Does anyone have any tips for making his coat look healthier?


----------



## Bug2007 (20 January 2011)

If he is good heath he sould have a shine, it might be dulled by grease in the coat.
Soak a tea towel in hot water and use this after grooming, by wiping him over with it. (squeeze it out first). This picks up the dust and grease out of the coat and should leave him with shine.

Hope that helps.


----------



## sally2008 (20 January 2011)

My 24 year old chestnut has always been a healthy looking good doer but since I've put him on Baileys Low Cal his coat is like a mirror.  I'd love to say it's all the time I spend grooming him but it's not!


----------



## Chestnut mare (20 January 2011)

I think a lot of it is dependent on their diet! I put my horse on blue chip and she has a lovely shiny coat .


----------



## Gilbey (20 January 2011)

I use Outshine and Blue Chip...and lots of elbow grease!! Ours all look super.


----------



## blackcob (20 January 2011)

No substitute for elbow grease - an hour's body brushing every day for a week will sort it right out. And I mean a solid hour of _proper_ brushing, with your weight behind the brush, tears springing from your eyes because your shoulders ache so much.


----------



## jaysh (20 January 2011)

It also depends on the lining of the rugs you use, i have different rugs and some dull my horses coat over and some shine them up so much you can practically see your face!
I did buy my horse a nylon/lycra bodysheet to get a shine on her as her thick indoor stable rug had caused her coat to lose its shine. She is black and looks amazing with her shiny coat.
I think you would tell if your horse's coat was dull due to health!


----------



## maletto (20 January 2011)

Sammii819 said:



			If he is good heath he sould have a shine, it might be dulled by grease in the coat.
Soak a tea towel in hot water and use this after grooming, by wiping him over with it. (squeeze it out first). This picks up the dust and grease out of the coat and should leave him with shine.

Hope that helps.
		
Click to expand...

yep, agree with the others about proper body brushing but if you're after a quick fix, do the above. 

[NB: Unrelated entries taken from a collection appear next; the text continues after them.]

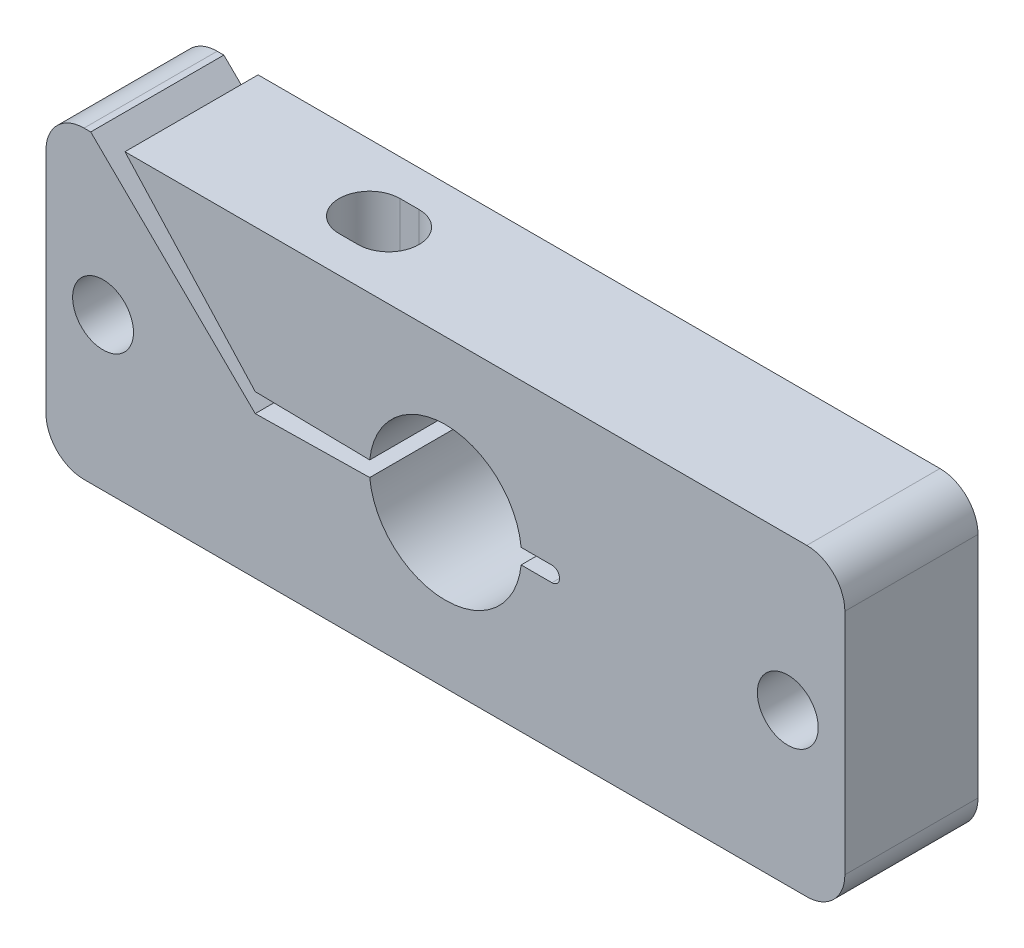
ISO-10303-21;
HEADER;
FILE_DESCRIPTION(('STEP AP214'),'2;1');
FILE_NAME('part.step','',(''),(''),'','','');
FILE_SCHEMA(('AUTOMOTIVE_DESIGN { 1 0 10303 214 1 1 1 1 }'));
ENDSEC;
DATA;
#1=APPLICATION_CONTEXT('core data for automotive mechanical design processes');
#2=APPLICATION_PROTOCOL_DEFINITION('international standard','automotive_design',2000,#1);
#3=PRODUCT_CONTEXT('',#1,'mechanical');
#4=PRODUCT('Part','Part','',(#3));
#5=PRODUCT_RELATED_PRODUCT_CATEGORY('part','',(#4));
#6=PRODUCT_DEFINITION_FORMATION('','',#4);
#7=PRODUCT_DEFINITION_CONTEXT('part definition',#1,'design');
#8=PRODUCT_DEFINITION('design','',#6,#7);
#9=PRODUCT_DEFINITION_SHAPE('','',#8);
#10=(LENGTH_UNIT() NAMED_UNIT(*) SI_UNIT(.MILLI.,.METRE.));
#11=(NAMED_UNIT(*) PLANE_ANGLE_UNIT() SI_UNIT($,.RADIAN.));
#12=(NAMED_UNIT(*) SI_UNIT($,.STERADIAN.) SOLID_ANGLE_UNIT());
#13=UNCERTAINTY_MEASURE_WITH_UNIT(LENGTH_MEASURE(1.E-05),#10,'distance_accuracy_value','');
#14=(GEOMETRIC_REPRESENTATION_CONTEXT(3) GLOBAL_UNCERTAINTY_ASSIGNED_CONTEXT((#13)) GLOBAL_UNIT_ASSIGNED_CONTEXT((#10,
#11,#12)) REPRESENTATION_CONTEXT('',''));
#15=CARTESIAN_POINT('',(0.,0.,0.));
#16=DIRECTION('',(0.,0.,1.));
#17=DIRECTION('',(1.,0.,0.));
#18=AXIS2_PLACEMENT_3D('',#15,#16,#17);
#19=CARTESIAN_POINT('',(5.6,0.,-3.5));
#20=DIRECTION('',(0.,0.,1.));
#21=DIRECTION('',(1.,0.,0.));
#22=AXIS2_PLACEMENT_3D('',#19,#20,#21);
#23=CYLINDRICAL_SURFACE('',#22,0.4);
#24=DIRECTION('',(0.,0.,-1.));
#25=VECTOR('',#24,1.);
#26=CARTESIAN_POINT('',(5.6,0.4,-3.5));
#27=LINE('',#26,#25);
#28=CARTESIAN_POINT('',(5.6,0.4,-3.5));
#29=VERTEX_POINT('',#28);
#30=CARTESIAN_POINT('',(5.6,0.4,3.5));
#31=VERTEX_POINT('',#30);
#32=EDGE_CURVE('E388',#29,#31,#27,.F.);
#33=ORIENTED_EDGE('',*,*,#32,.F.);
#34=CARTESIAN_POINT('',(5.6,0.,-3.5));
#35=DIRECTION('',(0.,0.,1.));
#36=DIRECTION('',(1.,0.,0.));
#37=AXIS2_PLACEMENT_3D('',#34,#35,#36);
#38=CIRCLE('',#37,0.4);
#39=CARTESIAN_POINT('',(5.6,-0.4,-3.5));
#40=VERTEX_POINT('',#39);
#41=EDGE_CURVE('E54',#29,#40,#38,.F.);
#42=ORIENTED_EDGE('',*,*,#41,.T.);
#43=DIRECTION('',(0.,0.,-1.));
#44=VECTOR('',#43,1.);
#45=CARTESIAN_POINT('',(5.6,-0.4,-3.5));
#46=LINE('',#45,#44);
#47=CARTESIAN_POINT('',(5.6,-0.4,3.5));
#48=VERTEX_POINT('',#47);
#49=EDGE_CURVE('E389',#48,#40,#46,.T.);
#50=ORIENTED_EDGE('',*,*,#49,.F.);
#51=CARTESIAN_POINT('',(5.6,0.,3.5));
#52=DIRECTION('',(0.,0.,1.));
#53=DIRECTION('',(1.,0.,0.));
#54=AXIS2_PLACEMENT_3D('',#51,#52,#53);
#55=CIRCLE('',#54,0.4);
#56=EDGE_CURVE('E11',#48,#31,#55,.T.);
#57=ORIENTED_EDGE('',*,*,#56,.T.);
#58=EDGE_LOOP('',(#33,#42,#50,#57));
#59=FACE_BOUND('',#58,.T.);
#60=ADVANCED_FACE('F50',(#59),#23,.F.);
#61=CARTESIAN_POINT('',(-6.98997487421324,8.001,0.));
#62=DIRECTION('',(0.,-1.,0.));
#63=DIRECTION('',(0.,0.,-1.));
#64=AXIS2_PLACEMENT_3D('',#61,#62,#63);
#65=CYLINDRICAL_SURFACE('',#64,1.6);
#66=CARTESIAN_POINT('',(-6.98997487421324,-0.450000000000001,0.));
#67=DIRECTION('',(-0.0166088657318921,0.99986206327628,0.));
#68=DIRECTION('',(-0.99986206327628,-0.0166088657318921,0.));
#69=AXIS2_PLACEMENT_3D('',#66,#67,#68);
#70=ELLIPSE('',#69,1.60022072920462,1.6);
#71=CARTESIAN_POINT('',(-8.58997487421324,-0.476577851232751,0.));
#72=VERTEX_POINT('',#71);
#73=EDGE_CURVE('E245',#72,#72,#70,.F.);
#74=ORIENTED_EDGE('',*,*,#73,.F.);
#75=EDGE_LOOP('',(#74));
#76=FACE_BOUND('',#75,.T.);
#77=CARTESIAN_POINT('',(-6.98997487421324,-1.99999999999999,0.));
#78=DIRECTION('',(0.,-1.,0.));
#79=DIRECTION('',(0.,0.,-1.));
#80=AXIS2_PLACEMENT_3D('',#77,#78,#79);
#81=CIRCLE('',#80,1.6);
#82=CARTESIAN_POINT('',(-6.98997487421324,-1.99999999999999,-1.6));
#83=VERTEX_POINT('',#82);
#84=EDGE_CURVE('E214',#83,#83,#81,.T.);
#85=ORIENTED_EDGE('',*,*,#84,.T.);
#86=EDGE_LOOP('',(#85));
#87=FACE_BOUND('',#86,.T.);
#88=ADVANCED_FACE('F470',(#76,#87),#65,.F.);
#89=CARTESIAN_POINT('',(0.,0.,-3.5));
#90=DIRECTION('',(0.,0.,1.));
#91=DIRECTION('',(1.,0.,0.));
#92=AXIS2_PLACEMENT_3D('',#89,#90,#91);
#93=CYLINDRICAL_SURFACE('',#92,4.);
#94=DIRECTION('',(0.,0.,1.));
#95=VECTOR('',#94,1.);
#96=CARTESIAN_POINT('',(3.97994974842648,0.4,-3.5));
#97=LINE('',#96,#95);
#98=CARTESIAN_POINT('',(3.97994974842648,0.4,-3.5));
#99=VERTEX_POINT('',#98);
#100=CARTESIAN_POINT('',(3.97994974842648,0.4,3.5));
#101=VERTEX_POINT('',#100);
#102=EDGE_CURVE('E334',#99,#101,#97,.T.);
#103=ORIENTED_EDGE('',*,*,#102,.T.);
#104=CARTESIAN_POINT('',(0.,0.,3.5));
#105=DIRECTION('',(0.,0.,-1.));
#106=DIRECTION('',(1.,0.,0.));
#107=AXIS2_PLACEMENT_3D('',#104,#105,#106);
#108=CIRCLE('',#107,4.);
#109=CARTESIAN_POINT('',(-3.97994974842648,0.4,3.5));
#110=VERTEX_POINT('',#109);
#111=EDGE_CURVE('E254',#110,#101,#108,.T.);
#112=ORIENTED_EDGE('',*,*,#111,.F.);
#113=DIRECTION('',(0.,0.,1.));
#114=VECTOR('',#113,1.);
#115=CARTESIAN_POINT('',(-3.97994974842648,0.4,-3.5));
#116=LINE('',#115,#114);
#117=CARTESIAN_POINT('',(-3.97994974842648,0.4,-3.5));
#118=VERTEX_POINT('',#117);
#119=EDGE_CURVE('E335',#118,#110,#116,.T.);
#120=ORIENTED_EDGE('',*,*,#119,.F.);
#121=CARTESIAN_POINT('',(0.,0.,-3.5));
#122=DIRECTION('',(0.,0.,-1.));
#123=DIRECTION('',(1.,0.,0.));
#124=AXIS2_PLACEMENT_3D('',#121,#122,#123);
#125=CIRCLE('',#124,4.);
#126=EDGE_CURVE('E294',#118,#99,#125,.T.);
#127=ORIENTED_EDGE('',*,*,#126,.T.);
#128=EDGE_LOOP('',(#103,#112,#120,#127));
#129=FACE_BOUND('',#128,.T.);
#130=ADVANCED_FACE('F464',(#129),#93,.F.);
#131=CARTESIAN_POINT('',(-10.,0.5,-3.5));
#132=DIRECTION('',(-0.0166088657318921,-0.99986206327628,0.));
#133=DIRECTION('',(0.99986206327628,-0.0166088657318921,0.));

You can also add a capful of dettol or vinegar (white) to the bucket of hot water to cut through the grease


----------



## caramel (20 January 2011)

I brush a lot! lots of elbow grease. Also I find a rubber curry comb comes in very handy  Also I feed Dengie Alfa- A oil, which has improved his coat so much  He's on Spillers cool concentrate which improves coat aswell  He looks amazing now


----------



## TicTac (20 January 2011)

I have a lightweight rambo duo rug liner which I use underneath my mare's stable rug. It gets washed every week. She is not clipped but has a coat like black silk and shines like a mirror.


----------



## Django Pony (20 January 2011)

We "steam" them at our yard. It's a 2 stage process done over 2 days. On Day 1 get a bucket of water as hot as you can stand to put your hands in, add a cap-full of methylated spirits then dunk a cloth (about the size of a large tea tea towel), wring it out well and lay it on to the horse and hold it for a while to let the steam do it's thing, then rub off the area you've just done and repeat all over. This cuts through all the grease and grime.
The next day follow it up with the same again, only with a couple of cap-fulls of Barrier's Lavender Wash http://www.barrier-biotech.com/product.php?pid=LW in the water instead of meths. That helps puts the oils back in the coat and smells gorgeous!
I finish with a spritz of Showsheen. I normally do it about once a month or so.


----------



## patchandloopy (20 January 2011)

I hardly brush my lad and he is super shiney, he only has a hi fi food and cheap cool mix...

lol


----------



## Cloud9 (20 January 2011)

I put my horse on Top Spec Lite feed balancer - he has never looked so good - he is so shiny and looking very well and had loads of comments from others about how fit and shiny he looks!!


----------



## JULIET PIZIUK (14 April 2021)

sallymoon said:



			I have a clipped chestnut horse, clip is growing out, that I would like to shine up a bit.  He is a very good doer so I dont want to use oils in the feed as he will get too fat.

Does anyone have any tips for making his coat look healthier?
		
Click to expand...

I use a pure silk scarf to rub my chestnuts coat down.Silk actually smooths the hair cuticle to give  a polished  shine on the horse's  coat.


----------